Reacting to the news of the suit being filed, a BYJU'S spokesperson said the company has not received any formal intimation of any such petition. 

"Indian regulation stipulates due process for conducting an EGM, intimation of petitions being filed in NCLT, etc. But certain shareholders prefer to manufacture a media spectacle as opposed to following due process." Sources said as per the process, the National Company Law Tribunal (NCLT) will issue notices once the petition gets admitted.

"As shareholders and significant investors, we are confident in our position on the validity of the EGM meeting and its decisive outcome, which we will now present to the Karnataka High Court in line with due process," Prosus said.


Byju's in its statement cited the Karnataka High Court order and said "coupled with numerous procedural irregularities and deficiencies, invalidates the resolutions passed by a select, narrow group of shareholders." 

"These resolutions were voted upon without the valid constitution of a quorum, as stipulated in BYJU'S Articles of Association (AoA). According to Articles 38 and 39(a) of the AoA, at least one founder-director is required to form a valid quorum.

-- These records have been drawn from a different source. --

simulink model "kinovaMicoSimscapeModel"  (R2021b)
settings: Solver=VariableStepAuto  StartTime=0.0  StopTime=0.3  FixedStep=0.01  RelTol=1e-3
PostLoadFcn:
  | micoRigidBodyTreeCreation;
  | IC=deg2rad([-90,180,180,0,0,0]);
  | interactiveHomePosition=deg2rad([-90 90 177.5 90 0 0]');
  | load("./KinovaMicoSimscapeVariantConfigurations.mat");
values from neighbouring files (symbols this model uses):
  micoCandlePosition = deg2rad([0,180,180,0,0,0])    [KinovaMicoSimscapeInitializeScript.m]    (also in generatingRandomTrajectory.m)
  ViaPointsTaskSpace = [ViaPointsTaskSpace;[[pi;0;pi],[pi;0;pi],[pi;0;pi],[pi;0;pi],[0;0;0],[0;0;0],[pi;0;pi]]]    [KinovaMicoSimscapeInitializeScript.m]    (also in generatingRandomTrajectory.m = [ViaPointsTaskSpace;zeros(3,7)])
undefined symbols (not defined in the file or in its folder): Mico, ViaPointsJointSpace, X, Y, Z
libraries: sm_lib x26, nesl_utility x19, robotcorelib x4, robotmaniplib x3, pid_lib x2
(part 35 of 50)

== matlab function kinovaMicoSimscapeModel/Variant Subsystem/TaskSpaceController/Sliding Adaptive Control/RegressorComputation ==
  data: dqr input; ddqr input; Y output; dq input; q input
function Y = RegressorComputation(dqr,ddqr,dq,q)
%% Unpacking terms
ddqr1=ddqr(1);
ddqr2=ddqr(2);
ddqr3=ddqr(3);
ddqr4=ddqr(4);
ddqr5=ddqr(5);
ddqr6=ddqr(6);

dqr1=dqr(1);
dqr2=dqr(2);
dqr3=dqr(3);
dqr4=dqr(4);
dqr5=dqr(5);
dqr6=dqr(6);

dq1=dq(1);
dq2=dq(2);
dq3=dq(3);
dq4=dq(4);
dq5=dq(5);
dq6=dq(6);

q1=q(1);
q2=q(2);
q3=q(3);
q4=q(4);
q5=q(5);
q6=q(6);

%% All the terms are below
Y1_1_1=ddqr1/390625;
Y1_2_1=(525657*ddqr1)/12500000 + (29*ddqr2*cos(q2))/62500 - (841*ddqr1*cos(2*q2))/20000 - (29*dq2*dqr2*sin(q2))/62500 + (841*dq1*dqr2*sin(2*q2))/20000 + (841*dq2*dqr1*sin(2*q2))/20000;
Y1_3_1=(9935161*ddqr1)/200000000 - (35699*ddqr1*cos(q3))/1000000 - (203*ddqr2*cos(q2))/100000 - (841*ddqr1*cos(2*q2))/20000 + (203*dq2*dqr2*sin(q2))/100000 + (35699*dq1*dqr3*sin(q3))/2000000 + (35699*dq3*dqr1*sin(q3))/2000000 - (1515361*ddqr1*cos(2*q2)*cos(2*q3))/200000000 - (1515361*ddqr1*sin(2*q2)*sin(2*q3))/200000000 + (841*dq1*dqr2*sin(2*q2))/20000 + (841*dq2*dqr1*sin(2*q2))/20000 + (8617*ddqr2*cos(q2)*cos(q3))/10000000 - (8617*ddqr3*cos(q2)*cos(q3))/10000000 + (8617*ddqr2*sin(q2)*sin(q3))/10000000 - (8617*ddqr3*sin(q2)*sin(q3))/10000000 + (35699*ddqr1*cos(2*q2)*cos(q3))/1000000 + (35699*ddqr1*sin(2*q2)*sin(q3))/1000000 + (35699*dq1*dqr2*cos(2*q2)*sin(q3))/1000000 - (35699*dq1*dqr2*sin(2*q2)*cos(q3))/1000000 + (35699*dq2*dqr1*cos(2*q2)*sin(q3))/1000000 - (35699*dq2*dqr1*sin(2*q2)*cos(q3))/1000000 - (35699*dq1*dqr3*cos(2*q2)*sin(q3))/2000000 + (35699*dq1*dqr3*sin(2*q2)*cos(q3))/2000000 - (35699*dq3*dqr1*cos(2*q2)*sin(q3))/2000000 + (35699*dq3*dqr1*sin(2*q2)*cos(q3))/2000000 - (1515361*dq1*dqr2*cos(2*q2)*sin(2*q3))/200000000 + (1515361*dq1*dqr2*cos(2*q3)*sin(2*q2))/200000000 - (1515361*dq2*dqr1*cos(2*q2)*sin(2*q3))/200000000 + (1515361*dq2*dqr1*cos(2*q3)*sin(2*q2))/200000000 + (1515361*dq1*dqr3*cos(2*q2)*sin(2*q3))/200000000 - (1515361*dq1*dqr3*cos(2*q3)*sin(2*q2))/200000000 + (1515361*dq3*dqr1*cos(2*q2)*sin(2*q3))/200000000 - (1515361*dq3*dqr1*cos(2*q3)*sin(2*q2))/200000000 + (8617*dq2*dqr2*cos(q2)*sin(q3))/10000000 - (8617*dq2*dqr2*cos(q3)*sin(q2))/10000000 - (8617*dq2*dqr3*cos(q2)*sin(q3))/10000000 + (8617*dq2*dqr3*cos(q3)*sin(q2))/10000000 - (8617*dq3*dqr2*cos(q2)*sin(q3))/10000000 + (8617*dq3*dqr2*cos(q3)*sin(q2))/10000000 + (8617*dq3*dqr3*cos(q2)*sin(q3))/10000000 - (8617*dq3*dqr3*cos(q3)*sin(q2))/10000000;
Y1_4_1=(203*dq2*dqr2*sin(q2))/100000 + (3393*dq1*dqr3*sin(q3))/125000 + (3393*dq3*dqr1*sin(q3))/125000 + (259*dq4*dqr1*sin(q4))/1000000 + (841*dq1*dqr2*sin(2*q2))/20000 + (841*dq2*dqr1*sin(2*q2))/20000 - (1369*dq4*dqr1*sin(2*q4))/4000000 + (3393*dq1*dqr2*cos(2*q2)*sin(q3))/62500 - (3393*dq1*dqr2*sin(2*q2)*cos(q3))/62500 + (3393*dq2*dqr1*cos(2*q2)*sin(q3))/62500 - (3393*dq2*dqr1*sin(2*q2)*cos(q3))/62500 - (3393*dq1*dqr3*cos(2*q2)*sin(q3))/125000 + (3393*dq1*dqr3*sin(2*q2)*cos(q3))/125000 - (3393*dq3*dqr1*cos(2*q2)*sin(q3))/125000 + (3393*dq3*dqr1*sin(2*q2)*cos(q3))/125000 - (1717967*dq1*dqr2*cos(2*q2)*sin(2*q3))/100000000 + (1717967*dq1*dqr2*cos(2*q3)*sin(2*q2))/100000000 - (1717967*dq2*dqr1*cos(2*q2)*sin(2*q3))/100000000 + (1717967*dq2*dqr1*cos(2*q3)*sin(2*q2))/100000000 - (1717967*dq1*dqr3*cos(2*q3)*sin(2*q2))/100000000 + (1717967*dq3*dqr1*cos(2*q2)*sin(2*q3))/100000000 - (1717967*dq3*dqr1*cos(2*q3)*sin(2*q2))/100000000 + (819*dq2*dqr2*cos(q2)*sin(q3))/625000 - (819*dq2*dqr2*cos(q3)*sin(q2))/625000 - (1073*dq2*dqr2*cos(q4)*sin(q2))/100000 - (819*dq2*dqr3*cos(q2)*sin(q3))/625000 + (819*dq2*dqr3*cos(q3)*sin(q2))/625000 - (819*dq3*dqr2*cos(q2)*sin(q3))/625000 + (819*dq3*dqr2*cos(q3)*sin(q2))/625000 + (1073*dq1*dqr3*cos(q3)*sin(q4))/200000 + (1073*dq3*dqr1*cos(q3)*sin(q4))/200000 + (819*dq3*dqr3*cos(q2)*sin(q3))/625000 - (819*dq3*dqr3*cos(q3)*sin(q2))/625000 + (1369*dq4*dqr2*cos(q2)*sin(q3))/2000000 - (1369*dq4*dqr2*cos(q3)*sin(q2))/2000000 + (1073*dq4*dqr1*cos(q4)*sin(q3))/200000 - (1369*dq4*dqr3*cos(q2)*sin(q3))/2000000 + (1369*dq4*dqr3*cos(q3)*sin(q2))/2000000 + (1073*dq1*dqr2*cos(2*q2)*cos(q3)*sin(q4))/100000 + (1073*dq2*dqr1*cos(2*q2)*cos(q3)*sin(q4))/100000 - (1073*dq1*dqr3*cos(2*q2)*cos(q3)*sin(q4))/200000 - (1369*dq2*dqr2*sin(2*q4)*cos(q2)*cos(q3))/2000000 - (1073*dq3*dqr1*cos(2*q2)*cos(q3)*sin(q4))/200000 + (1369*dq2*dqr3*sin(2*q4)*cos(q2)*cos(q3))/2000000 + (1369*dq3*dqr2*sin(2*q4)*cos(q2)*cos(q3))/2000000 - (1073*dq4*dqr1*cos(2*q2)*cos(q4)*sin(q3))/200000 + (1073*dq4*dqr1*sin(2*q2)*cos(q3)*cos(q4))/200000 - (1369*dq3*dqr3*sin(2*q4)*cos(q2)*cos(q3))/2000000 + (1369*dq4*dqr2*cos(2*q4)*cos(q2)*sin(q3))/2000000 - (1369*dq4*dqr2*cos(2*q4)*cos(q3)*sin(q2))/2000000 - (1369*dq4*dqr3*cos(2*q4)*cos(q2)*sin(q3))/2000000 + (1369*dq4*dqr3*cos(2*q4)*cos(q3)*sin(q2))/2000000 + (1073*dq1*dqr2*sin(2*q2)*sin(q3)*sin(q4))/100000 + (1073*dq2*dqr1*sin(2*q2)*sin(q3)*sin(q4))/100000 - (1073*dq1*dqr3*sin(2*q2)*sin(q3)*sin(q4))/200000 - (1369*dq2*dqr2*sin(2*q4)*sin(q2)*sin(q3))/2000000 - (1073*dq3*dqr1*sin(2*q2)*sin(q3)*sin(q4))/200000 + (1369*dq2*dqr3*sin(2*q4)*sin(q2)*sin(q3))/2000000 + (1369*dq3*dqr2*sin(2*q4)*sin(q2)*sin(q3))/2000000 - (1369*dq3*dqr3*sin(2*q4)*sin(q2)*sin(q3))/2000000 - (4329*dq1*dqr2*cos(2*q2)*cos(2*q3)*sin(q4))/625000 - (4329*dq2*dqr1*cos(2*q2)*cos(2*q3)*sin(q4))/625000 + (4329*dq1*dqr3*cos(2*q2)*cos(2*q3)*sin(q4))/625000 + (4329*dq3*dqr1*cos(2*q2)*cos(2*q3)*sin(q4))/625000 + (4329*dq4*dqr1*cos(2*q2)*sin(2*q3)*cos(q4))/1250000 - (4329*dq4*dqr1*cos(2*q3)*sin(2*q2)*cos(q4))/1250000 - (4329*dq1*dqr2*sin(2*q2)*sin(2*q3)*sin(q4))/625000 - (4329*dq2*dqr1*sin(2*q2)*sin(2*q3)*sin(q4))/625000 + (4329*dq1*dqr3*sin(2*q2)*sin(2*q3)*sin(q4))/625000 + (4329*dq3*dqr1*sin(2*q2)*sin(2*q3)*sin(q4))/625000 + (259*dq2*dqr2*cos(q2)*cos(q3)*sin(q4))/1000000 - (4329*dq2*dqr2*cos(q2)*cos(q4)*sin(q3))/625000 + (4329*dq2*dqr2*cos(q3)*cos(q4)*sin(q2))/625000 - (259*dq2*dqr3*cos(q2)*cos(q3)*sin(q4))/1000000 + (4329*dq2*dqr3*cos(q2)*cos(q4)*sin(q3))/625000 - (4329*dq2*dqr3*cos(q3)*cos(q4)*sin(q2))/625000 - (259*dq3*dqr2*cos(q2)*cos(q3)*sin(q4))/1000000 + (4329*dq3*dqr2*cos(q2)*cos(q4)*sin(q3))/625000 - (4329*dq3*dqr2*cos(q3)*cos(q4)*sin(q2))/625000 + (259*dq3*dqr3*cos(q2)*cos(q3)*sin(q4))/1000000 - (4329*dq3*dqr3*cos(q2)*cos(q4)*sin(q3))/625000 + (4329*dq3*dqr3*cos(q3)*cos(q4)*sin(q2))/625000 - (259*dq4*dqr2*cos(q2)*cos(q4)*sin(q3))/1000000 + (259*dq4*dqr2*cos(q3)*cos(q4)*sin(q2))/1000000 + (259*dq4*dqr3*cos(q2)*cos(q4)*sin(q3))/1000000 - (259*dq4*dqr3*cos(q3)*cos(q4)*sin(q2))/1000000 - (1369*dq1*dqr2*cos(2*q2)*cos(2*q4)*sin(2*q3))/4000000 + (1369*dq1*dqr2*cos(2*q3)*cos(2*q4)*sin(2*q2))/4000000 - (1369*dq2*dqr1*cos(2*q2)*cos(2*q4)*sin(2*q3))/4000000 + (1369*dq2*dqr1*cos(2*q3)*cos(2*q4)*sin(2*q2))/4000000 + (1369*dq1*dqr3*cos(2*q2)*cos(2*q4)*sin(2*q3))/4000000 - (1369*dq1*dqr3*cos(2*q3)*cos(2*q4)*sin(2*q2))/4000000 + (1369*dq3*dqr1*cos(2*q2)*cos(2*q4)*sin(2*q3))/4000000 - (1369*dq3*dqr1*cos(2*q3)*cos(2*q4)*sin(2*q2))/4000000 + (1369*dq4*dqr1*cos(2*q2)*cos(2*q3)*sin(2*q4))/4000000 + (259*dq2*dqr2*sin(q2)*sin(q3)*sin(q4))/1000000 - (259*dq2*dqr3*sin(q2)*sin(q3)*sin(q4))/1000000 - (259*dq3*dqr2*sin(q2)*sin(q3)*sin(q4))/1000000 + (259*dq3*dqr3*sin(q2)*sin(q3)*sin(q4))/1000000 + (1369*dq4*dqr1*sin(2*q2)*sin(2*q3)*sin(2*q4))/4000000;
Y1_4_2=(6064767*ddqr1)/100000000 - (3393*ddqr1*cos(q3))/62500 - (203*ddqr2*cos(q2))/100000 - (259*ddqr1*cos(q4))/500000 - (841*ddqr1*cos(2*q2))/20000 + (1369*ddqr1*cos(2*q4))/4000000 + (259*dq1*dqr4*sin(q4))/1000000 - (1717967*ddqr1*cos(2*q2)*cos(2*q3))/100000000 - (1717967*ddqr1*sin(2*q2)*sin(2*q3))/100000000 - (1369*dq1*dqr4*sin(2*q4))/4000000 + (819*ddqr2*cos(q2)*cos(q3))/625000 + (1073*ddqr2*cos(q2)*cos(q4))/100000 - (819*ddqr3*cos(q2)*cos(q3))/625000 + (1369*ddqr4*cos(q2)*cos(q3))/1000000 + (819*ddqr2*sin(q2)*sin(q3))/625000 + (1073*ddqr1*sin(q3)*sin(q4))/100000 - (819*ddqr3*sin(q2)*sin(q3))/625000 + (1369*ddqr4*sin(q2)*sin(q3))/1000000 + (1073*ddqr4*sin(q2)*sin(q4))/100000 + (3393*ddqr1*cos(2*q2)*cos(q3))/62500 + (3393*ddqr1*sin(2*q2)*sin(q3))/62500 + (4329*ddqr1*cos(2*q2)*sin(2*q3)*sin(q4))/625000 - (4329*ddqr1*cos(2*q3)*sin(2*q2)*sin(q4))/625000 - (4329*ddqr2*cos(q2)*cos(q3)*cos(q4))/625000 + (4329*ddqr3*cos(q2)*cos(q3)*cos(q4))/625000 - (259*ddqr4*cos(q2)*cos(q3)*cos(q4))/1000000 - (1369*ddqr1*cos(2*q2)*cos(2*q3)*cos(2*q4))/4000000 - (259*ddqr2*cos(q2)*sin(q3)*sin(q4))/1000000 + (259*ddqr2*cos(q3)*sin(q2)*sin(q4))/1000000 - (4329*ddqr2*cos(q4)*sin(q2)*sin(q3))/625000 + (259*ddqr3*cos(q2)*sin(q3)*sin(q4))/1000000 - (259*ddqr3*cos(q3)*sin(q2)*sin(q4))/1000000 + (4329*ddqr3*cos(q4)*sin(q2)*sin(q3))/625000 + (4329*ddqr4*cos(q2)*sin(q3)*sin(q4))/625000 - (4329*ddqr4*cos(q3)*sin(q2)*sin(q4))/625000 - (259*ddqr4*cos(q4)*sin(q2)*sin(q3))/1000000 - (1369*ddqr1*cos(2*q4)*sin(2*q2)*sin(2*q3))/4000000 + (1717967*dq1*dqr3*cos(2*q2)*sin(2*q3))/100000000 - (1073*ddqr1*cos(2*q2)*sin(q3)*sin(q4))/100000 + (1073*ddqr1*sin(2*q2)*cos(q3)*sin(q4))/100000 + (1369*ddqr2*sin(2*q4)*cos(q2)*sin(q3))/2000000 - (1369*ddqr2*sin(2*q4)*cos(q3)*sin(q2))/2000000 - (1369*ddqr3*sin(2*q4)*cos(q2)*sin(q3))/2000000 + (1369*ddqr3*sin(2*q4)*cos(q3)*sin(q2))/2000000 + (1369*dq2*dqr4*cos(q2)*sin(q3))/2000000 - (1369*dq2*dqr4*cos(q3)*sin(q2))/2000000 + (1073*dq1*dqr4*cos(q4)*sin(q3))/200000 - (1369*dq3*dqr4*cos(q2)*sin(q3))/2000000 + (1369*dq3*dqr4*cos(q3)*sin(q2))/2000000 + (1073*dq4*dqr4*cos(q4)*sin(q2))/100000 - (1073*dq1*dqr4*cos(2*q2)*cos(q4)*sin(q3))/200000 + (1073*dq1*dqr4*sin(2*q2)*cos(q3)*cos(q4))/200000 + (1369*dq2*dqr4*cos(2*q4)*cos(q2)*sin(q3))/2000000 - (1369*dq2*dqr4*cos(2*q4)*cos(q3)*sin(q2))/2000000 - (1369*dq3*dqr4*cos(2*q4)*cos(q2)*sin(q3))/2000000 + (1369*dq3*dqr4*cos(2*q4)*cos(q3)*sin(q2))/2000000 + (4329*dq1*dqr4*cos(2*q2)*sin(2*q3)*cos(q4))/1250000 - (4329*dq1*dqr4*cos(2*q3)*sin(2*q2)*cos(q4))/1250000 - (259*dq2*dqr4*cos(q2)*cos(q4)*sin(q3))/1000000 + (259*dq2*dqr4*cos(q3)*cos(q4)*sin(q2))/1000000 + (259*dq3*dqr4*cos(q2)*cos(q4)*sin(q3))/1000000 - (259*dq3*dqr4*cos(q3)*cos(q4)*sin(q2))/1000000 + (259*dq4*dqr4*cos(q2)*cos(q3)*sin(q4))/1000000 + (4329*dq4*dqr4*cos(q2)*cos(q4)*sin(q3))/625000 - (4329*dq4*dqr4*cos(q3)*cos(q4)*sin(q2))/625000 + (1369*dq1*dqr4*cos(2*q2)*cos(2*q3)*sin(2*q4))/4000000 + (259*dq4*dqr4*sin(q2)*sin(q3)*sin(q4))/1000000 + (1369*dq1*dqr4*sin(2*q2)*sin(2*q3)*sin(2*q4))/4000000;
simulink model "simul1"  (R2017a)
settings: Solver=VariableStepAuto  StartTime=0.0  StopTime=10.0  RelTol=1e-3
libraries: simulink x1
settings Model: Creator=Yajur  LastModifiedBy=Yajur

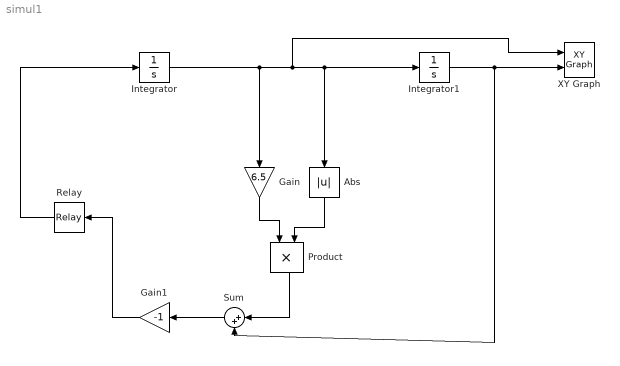
== system simul1 ==
  Abs : Abs
  Gain : Gain  Gain=6.5
  Gain1 : Gain  Gain=-1
  Integrator : Integrator  InitialCondition=-2
  Integrator1 : Integrator  InitialCondition=2
  Product : Product
  Relay : Relay
  Sum : Sum  Inputs=|++
  XY Graph : simulink/Sinks/XY Graph  xmin=-1  xmax=1  ymin=-1  ymax=1  st=-1
  wires:
  Integrator/1 -> Gain/1, XY Graph/1, Abs/1, Integrator1/1
  Gain/1 -> Product/1
  Abs/1 -> Product/2
  Integrator1/1 -> Sum/2, XY Graph/2
  Product/1 -> Sum/1
  Sum/1 -> Gain1/1
  Gain1/1 -> Relay/1
  Relay/1 -> Integrator/1

"As the founders did not participate in the meeting, the quorum was never legitimately established, rendering the resolutions null and void," it said, adding "only around 20 per cent of the number of shareholders attended this farcical EGM." Byju's referred to the number of shareholders and not the shareholding they hold in the company.


"The founders maintain that this purported EGM was designed to provoke a trial by the media and is fundamentally devoid of merit, having been brought forward by a select few shareholders as part of a self-serving agenda against the company and its founders," it said.

"In any event, these resolutions merely request the Board to "consider" the recommendations passed at the EGM. They do not have any binding effect whatsoever on the company or its decision-making processes. As such, the resolutions lack the necessary authority to impose any obligations on Byju's or its directors." Investors have also sought a forensic audit of the company in the plea filed before the NCLT on Thursday evening, according to a court filing. They sought declaring the present management as unfit to run the company and appointing a new CEO and a new board. The plea also wants a forensic audit and a direction to the management to share information with the investors.


Sources said the plea also seeks a declaration of the just-concluded $200 million rights offer as void, seeking a direction that the company should not take any corporate actions that will prejudice the rights of the investors.

The petition has been signed by four investors -- Prosus, GA, Sofina, and Peak XV -- along with support from other shareholders, including Tiger and Owl Ventures.


The edtech firm in the last one year suffered other setbacks, including its auditor resigning, lenders beginning bankruptcy proceedings against a holding company and a US lawsuit disputing the terms and repayment of a loan.

BYJU's was valued at $22 billion in 2022 and it is now valued at $200 million in a rights issue.